PROBLEM REQUIREMENTS
Starting at the line below holding "[x2] -> Mux/2" and stopping at the line holding "MATLAB Function2/2(dz2) -> Integrator4/1", print every line exactly, both ends included, and leave the rest out.

================

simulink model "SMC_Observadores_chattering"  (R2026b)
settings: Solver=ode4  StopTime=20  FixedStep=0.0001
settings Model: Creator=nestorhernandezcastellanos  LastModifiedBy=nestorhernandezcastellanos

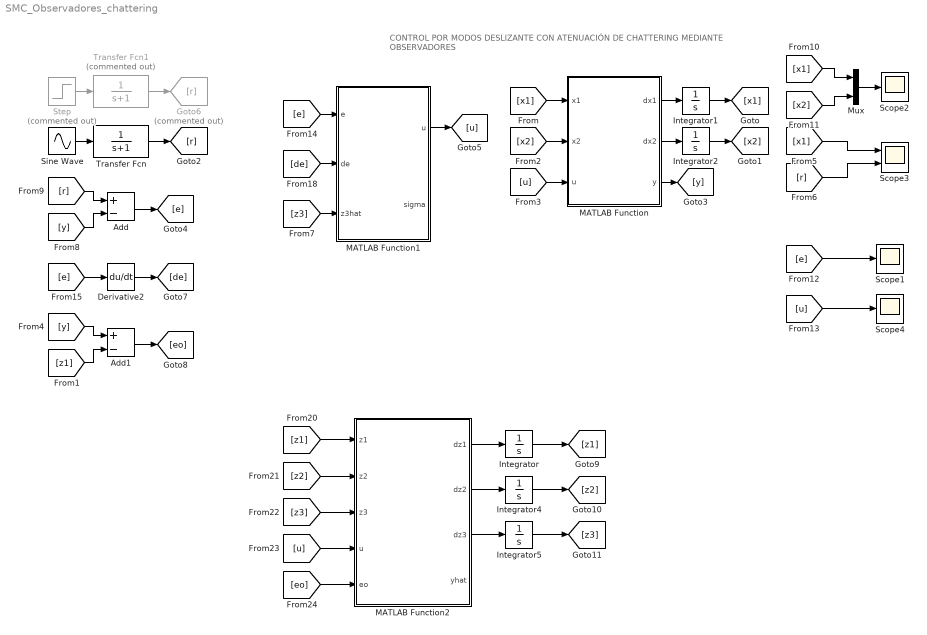
== system SMC_Observadores_chattering ==
  note: CONTROL POR MODOS DESLIZANTE CON ATENUACIÓN DE CHATTERING MEDIANTE OBSERVADORES
  Add : Sum  Inputs=+-
  Add1 : Sum  Inputs=+-
  Derivative2 : Derivative
  Goto6 : Goto  Commented=on  GotoTag=r
  Integrator : Integrator
  Integrator1 : Integrator  InitialCondition=1
  Integrator2 : Integrator  InitialCondition=-2
  Integrator4 : Integrator
  Integrator5 : Integrator
  MATLAB Function : MATLAB Function  TreatAsAtomicUnit=on
  MATLAB Function1 : MATLAB Function  TreatAsAtomicUnit=on
  MATLAB Function2 : MATLAB Function  TreatAsAtomicUnit=on
  Mux : Mux  Inputs=2
  Scope1 : Scope
      settings: ActiveDisplayYMinimum=-1.1345018827917306  ActiveDisplayYMaximum=0.21051694512557476
  Scope2 : Scope
      settings: ActiveDisplayYMinimum=-2.3780113002128531  ActiveDisplayYMaximum=1.4021017019156774  DataLoggingVariableName=ScopeData2
  Scope3 : Scope  NumInputPorts=2
      settings: ActiveDisplayYMinimum=-1.2500450787630573  ActiveDisplayYMaximum=1.2500253036424773  DataLoggingVariableName=ScopeData3
  Scope4 : Scope
      settings: ActiveDisplayYMinimum=-26.249333606618752  ActiveDisplayYMaximum=26.244002459568783
  Sine Wave : Sin  SampleTime=0
  Step : Step  Commented=on  Time=10  SampleTime=0
  Transfer Fcn : TransferFcn  Denominator=[1 1]
  Transfer Fcn1 : TransferFcn  Commented=on  Denominator=[1 1]
  wires:
  MATLAB Function/2(dx2) -> Integrator2/1
  MATLAB Function/1(dx1) -> Integrator1/1
  Mux/1 -> Scope2/1
  [de] -> MATLAB Function1/2(de)
  [x1] -> MATLAB Function/1(x1)
  [x2] -> MATLAB Function/2(x2)
  [x1] -> Scope3/1
  [r] -> Scope3/2
  Integrator2/1 -> [x2]
  Integrator1/1 -> [x1]
  MATLAB Function/3(y) -> [y]
  [y] -> Add/2
  [r] -> Add/1
  [x2] -> Mux/2
  [x1] -> Mux/1
  [e] -> Scope1/1
  [u] -> Scope4/1
  Add/1 -> [e]
  [e] -> MATLAB Function1/1(e)
  Step/1 -> Transfer Fcn1/1
  [e] -> Derivative2/1
  Derivative2/1 -> [de]
  MATLAB Function2/1(dz1) -> Integrator/1
  MATLAB Function2/2(dz2) -> Integrator4/1
  MATLAB Function2/3(dz3) -> Integrator5/1
  Integrator/1 -> [z1]
  Integrator4/1 -> [z2]
  Integrator5/1 -> [z3]
  [z1] -> MATLAB Function2/1(z1)
  [z2] -> MATLAB Function2/2(z2)
  [z3] -> MATLAB Function2/3(z3)
  [u] -> MATLAB Function2/4(u)
  [eo] -> MATLAB Function2/5(eo)
  Sine Wave/1 -> Transfer Fcn/1
  Transfer Fcn/1 -> [r]
  MATLAB Function1/1(u) -> [u]
  [u] -> MATLAB Function/3(u)
  Transfer Fcn1/1 -> Goto6/1
  Add1/1 -> [eo]
  [y] -> Add1/1
  [z1] -> Add1/2
  [z3] -> MATLAB Function1/3(z3hat)

== matlab function SMC_Observadores_chattering/MATLAB Function1 ==
  data: e input; de input; z3hat input; u output; sigma output
function [u, sigma] = controlador(e, de, z3hat)

m = ;
K = ;

% Superficie de deslizamiento
sigma = de + m*e;

% Ley de control
u = -z3hat + m*de + K*sign(sigma);

== matlab function SMC_Observadores_chattering/MATLAB Function ==
  data: x1 input; x2 input; dx1 output; u input; dx2 output; y output
function [dx1, dx2, y] = planta(x1, x2, u)

dx1 = x2;
dx2 = sin(x1*x2) + cos(x1+x2) + u;

y = x1;

== matlab function SMC_Observadores_chattering/MATLAB Function2 ==
  data: z1 input; z2 input; z3 input; u input; dz1 output; eo input; dz2 output; dz3 output; yhat output
function [dz1, dz2, dz3, yhat] = LESO(z1, z2, z3, u, eo)

Ko1 = ;
Ko2 = ;
Ko3 = ;

% Observador
dz1 = z2 + Ko1*eo;
dz2 = z3 + u + Ko2*eo;
dz3 = Ko3*eo;

% Salida estimada
yhat = z1;

================

TASK SOLUTION
  [x2] -> Mux/2
  [x1] -> Mux/1
  [e] -> Scope1/1
  [u] -> Scope4/1
  Add/1 -> [e]
  [e] -> MATLAB Function1/1(e)
  Step/1 -> Transfer Fcn1/1
  [e] -> Derivative2/1
  Derivative2/1 -> [de]
  MATLAB Function2/1(dz1) -> Integrator/1
  MATLAB Function2/2(dz2) -> Integrator4/1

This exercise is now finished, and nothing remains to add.